What lines of the data below hold "construction"? Show them.
______
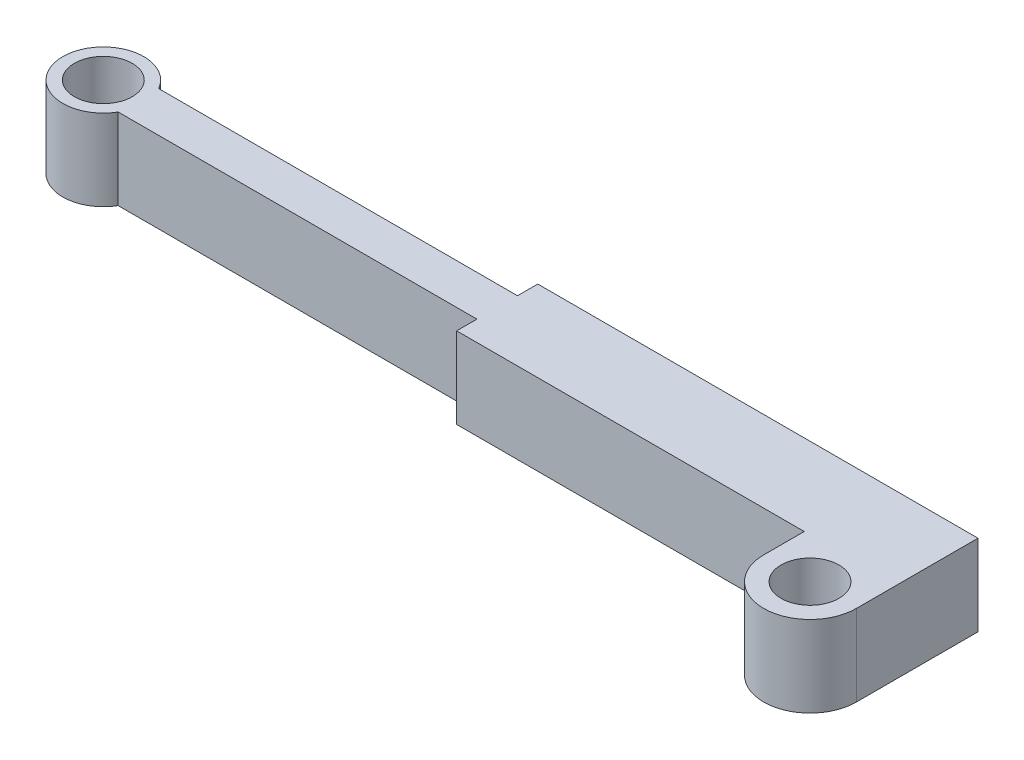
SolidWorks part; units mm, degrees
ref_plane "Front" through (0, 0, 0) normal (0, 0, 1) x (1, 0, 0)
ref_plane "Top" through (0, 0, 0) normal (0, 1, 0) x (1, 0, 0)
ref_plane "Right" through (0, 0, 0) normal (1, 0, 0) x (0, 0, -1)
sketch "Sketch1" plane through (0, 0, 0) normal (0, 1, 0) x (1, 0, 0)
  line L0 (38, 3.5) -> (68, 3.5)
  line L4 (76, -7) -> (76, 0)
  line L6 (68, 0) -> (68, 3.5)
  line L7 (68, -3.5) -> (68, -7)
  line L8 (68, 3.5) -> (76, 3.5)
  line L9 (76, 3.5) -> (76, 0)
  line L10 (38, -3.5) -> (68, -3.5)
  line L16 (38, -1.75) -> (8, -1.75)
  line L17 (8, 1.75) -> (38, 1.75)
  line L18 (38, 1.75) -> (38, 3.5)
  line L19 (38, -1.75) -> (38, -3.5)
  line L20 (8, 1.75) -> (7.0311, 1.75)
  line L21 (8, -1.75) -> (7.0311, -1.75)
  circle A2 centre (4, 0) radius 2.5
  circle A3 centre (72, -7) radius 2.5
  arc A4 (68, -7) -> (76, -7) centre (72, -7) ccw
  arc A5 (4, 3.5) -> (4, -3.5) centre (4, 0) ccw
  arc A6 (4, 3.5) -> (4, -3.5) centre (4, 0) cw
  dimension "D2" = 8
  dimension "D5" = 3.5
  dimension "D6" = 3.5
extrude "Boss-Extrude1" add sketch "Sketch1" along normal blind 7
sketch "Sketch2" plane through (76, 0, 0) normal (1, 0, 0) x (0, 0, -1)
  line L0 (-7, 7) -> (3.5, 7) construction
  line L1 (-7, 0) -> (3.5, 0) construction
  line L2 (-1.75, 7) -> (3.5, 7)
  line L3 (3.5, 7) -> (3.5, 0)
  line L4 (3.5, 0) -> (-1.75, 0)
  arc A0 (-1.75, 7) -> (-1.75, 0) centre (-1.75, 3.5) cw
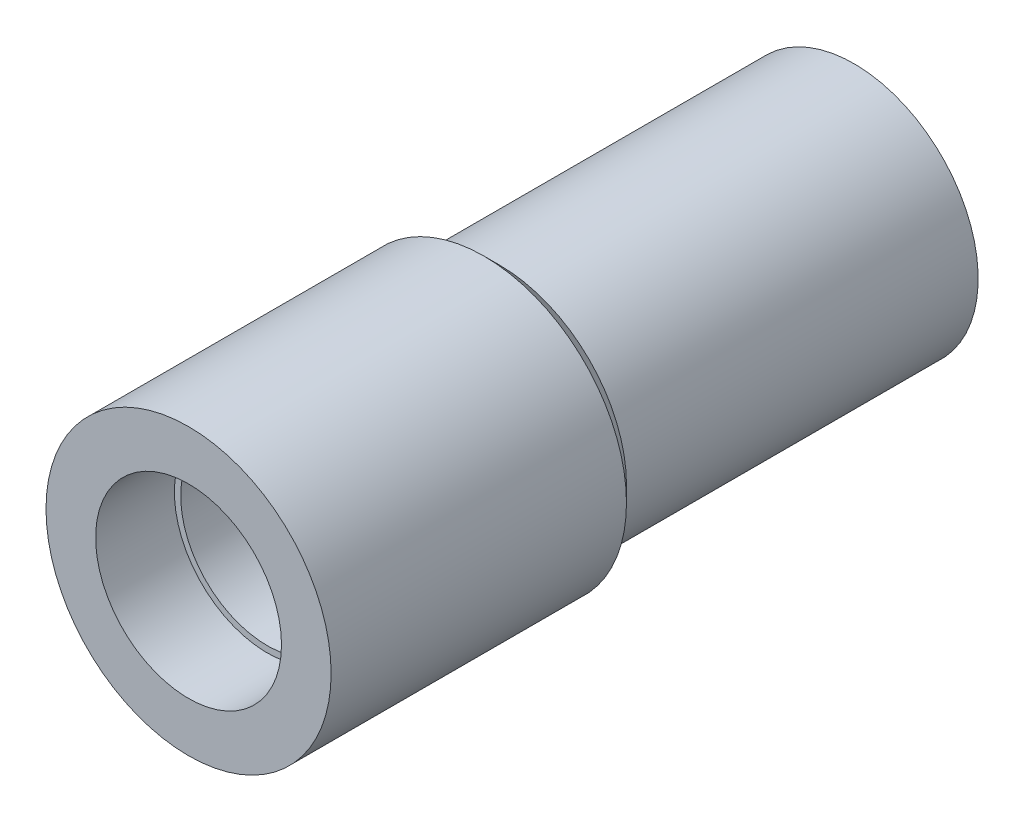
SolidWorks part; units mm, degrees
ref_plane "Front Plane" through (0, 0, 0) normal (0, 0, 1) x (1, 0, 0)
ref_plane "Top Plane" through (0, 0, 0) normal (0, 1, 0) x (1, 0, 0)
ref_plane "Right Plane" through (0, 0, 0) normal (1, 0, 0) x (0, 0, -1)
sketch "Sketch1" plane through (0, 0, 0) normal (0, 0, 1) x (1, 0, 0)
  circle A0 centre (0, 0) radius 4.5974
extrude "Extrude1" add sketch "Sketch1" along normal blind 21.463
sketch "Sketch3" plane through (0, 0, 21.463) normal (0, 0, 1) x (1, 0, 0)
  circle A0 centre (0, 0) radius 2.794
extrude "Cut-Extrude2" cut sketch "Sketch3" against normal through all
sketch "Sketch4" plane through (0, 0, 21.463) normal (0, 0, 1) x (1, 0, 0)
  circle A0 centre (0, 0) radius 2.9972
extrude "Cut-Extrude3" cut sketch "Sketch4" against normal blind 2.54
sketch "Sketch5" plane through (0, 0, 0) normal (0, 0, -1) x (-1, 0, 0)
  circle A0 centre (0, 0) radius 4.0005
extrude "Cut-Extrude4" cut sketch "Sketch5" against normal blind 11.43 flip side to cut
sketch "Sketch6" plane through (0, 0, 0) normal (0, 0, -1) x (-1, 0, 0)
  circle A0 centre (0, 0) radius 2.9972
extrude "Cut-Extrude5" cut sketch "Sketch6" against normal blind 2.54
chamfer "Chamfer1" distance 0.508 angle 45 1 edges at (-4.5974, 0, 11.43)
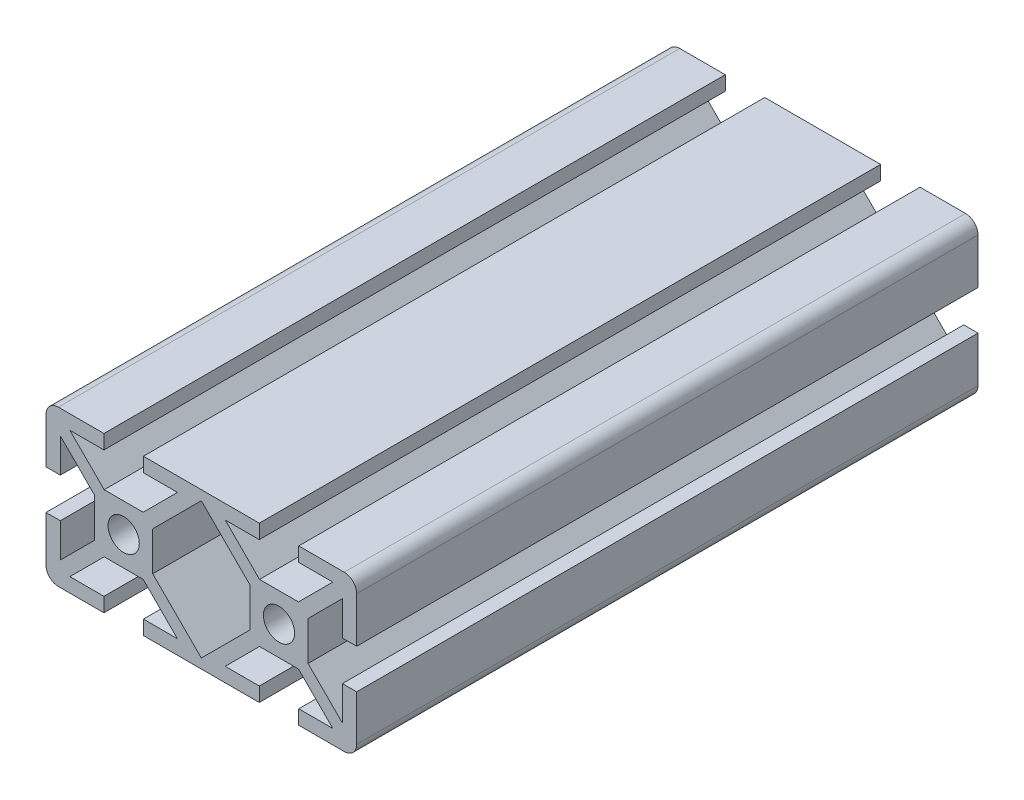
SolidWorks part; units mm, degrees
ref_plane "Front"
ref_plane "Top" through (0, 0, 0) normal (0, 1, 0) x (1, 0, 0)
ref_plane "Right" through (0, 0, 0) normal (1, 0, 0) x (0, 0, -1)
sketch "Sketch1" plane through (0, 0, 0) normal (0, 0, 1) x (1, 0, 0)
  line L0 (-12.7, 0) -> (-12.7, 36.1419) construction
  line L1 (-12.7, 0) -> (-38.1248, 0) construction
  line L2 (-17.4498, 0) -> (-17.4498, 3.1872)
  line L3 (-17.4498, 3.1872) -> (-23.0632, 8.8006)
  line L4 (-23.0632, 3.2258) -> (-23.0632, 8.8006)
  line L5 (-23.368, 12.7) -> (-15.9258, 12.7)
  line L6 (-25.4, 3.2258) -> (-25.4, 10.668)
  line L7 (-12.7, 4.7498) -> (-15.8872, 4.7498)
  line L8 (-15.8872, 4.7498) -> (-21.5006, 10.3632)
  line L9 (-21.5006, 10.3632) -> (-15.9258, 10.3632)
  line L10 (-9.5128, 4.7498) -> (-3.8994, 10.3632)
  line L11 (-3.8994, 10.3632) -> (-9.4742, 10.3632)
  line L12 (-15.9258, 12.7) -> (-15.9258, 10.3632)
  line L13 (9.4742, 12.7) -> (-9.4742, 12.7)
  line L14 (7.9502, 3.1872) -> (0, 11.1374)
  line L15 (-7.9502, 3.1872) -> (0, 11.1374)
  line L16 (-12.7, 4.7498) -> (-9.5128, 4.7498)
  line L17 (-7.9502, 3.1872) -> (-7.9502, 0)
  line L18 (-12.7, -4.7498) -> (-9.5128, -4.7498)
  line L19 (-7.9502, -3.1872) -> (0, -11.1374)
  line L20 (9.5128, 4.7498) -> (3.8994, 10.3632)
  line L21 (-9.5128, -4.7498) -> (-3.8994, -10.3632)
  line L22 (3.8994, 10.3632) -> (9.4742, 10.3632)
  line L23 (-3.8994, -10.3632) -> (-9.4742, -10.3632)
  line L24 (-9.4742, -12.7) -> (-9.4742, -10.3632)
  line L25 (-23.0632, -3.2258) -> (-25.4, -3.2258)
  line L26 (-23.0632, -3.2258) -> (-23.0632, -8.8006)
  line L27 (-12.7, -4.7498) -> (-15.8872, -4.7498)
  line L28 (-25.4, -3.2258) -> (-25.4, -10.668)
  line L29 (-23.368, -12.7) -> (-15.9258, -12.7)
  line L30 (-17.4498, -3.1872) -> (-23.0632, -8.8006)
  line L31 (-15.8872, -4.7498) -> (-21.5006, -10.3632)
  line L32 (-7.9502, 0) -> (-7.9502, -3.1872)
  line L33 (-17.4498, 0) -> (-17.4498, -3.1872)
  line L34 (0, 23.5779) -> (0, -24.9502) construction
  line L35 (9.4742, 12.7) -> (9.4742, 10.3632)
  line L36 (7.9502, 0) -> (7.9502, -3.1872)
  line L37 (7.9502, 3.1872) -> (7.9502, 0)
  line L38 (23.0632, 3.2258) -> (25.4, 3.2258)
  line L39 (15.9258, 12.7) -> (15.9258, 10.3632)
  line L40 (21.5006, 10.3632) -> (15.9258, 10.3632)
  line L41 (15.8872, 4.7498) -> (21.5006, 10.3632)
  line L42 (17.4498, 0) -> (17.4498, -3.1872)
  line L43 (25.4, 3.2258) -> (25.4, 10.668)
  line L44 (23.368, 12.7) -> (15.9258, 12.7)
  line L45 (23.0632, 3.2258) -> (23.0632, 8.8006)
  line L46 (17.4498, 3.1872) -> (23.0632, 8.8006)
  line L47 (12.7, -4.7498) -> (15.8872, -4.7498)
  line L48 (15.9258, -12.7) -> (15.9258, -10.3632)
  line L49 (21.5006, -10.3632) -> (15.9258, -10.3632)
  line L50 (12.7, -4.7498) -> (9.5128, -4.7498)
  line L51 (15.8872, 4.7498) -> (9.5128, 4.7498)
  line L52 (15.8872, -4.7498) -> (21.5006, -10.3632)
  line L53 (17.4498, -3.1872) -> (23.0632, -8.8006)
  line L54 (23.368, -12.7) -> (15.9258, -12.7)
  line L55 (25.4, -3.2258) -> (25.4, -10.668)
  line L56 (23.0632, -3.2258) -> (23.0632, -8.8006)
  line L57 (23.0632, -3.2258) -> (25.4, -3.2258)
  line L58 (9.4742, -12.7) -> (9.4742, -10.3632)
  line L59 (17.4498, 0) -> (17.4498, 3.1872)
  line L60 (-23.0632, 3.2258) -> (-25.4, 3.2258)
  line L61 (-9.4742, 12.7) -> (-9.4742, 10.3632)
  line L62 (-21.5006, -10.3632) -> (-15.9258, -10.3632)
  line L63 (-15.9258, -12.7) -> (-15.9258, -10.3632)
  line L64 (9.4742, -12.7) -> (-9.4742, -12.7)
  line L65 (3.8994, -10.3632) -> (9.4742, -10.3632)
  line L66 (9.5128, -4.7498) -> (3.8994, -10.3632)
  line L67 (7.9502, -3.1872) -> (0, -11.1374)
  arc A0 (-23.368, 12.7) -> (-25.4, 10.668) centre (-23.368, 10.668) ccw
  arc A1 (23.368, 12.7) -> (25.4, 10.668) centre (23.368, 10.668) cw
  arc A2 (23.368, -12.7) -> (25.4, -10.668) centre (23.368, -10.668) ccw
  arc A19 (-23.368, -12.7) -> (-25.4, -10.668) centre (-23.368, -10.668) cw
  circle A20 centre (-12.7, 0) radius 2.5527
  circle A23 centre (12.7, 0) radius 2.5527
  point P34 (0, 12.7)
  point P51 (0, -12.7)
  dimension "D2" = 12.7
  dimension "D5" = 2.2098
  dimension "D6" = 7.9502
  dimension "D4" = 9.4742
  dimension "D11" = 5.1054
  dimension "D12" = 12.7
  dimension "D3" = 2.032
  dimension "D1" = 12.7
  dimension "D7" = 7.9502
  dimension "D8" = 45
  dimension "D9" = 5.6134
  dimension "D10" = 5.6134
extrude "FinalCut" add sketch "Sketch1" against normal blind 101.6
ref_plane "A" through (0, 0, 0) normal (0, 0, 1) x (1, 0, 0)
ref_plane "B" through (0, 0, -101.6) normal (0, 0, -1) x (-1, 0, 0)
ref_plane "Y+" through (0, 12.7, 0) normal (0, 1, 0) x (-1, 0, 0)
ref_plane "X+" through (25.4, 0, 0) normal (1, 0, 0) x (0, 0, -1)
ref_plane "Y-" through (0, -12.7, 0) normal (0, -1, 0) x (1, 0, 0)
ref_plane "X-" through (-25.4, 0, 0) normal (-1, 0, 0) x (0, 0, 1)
______
**Finished exercise**.
  line L0 (-7, 7) -> (3.5, 7) construction
  line L1 (-7, 0) -> (3.5, 0) construction
  line L0 (-12.7, 0) -> (-12.7, 36.1419) construction
  line L1 (-12.7, 0) -> (-38.1248, 0) construction
  line L34 (0, 23.5779) -> (0, -24.9502) construction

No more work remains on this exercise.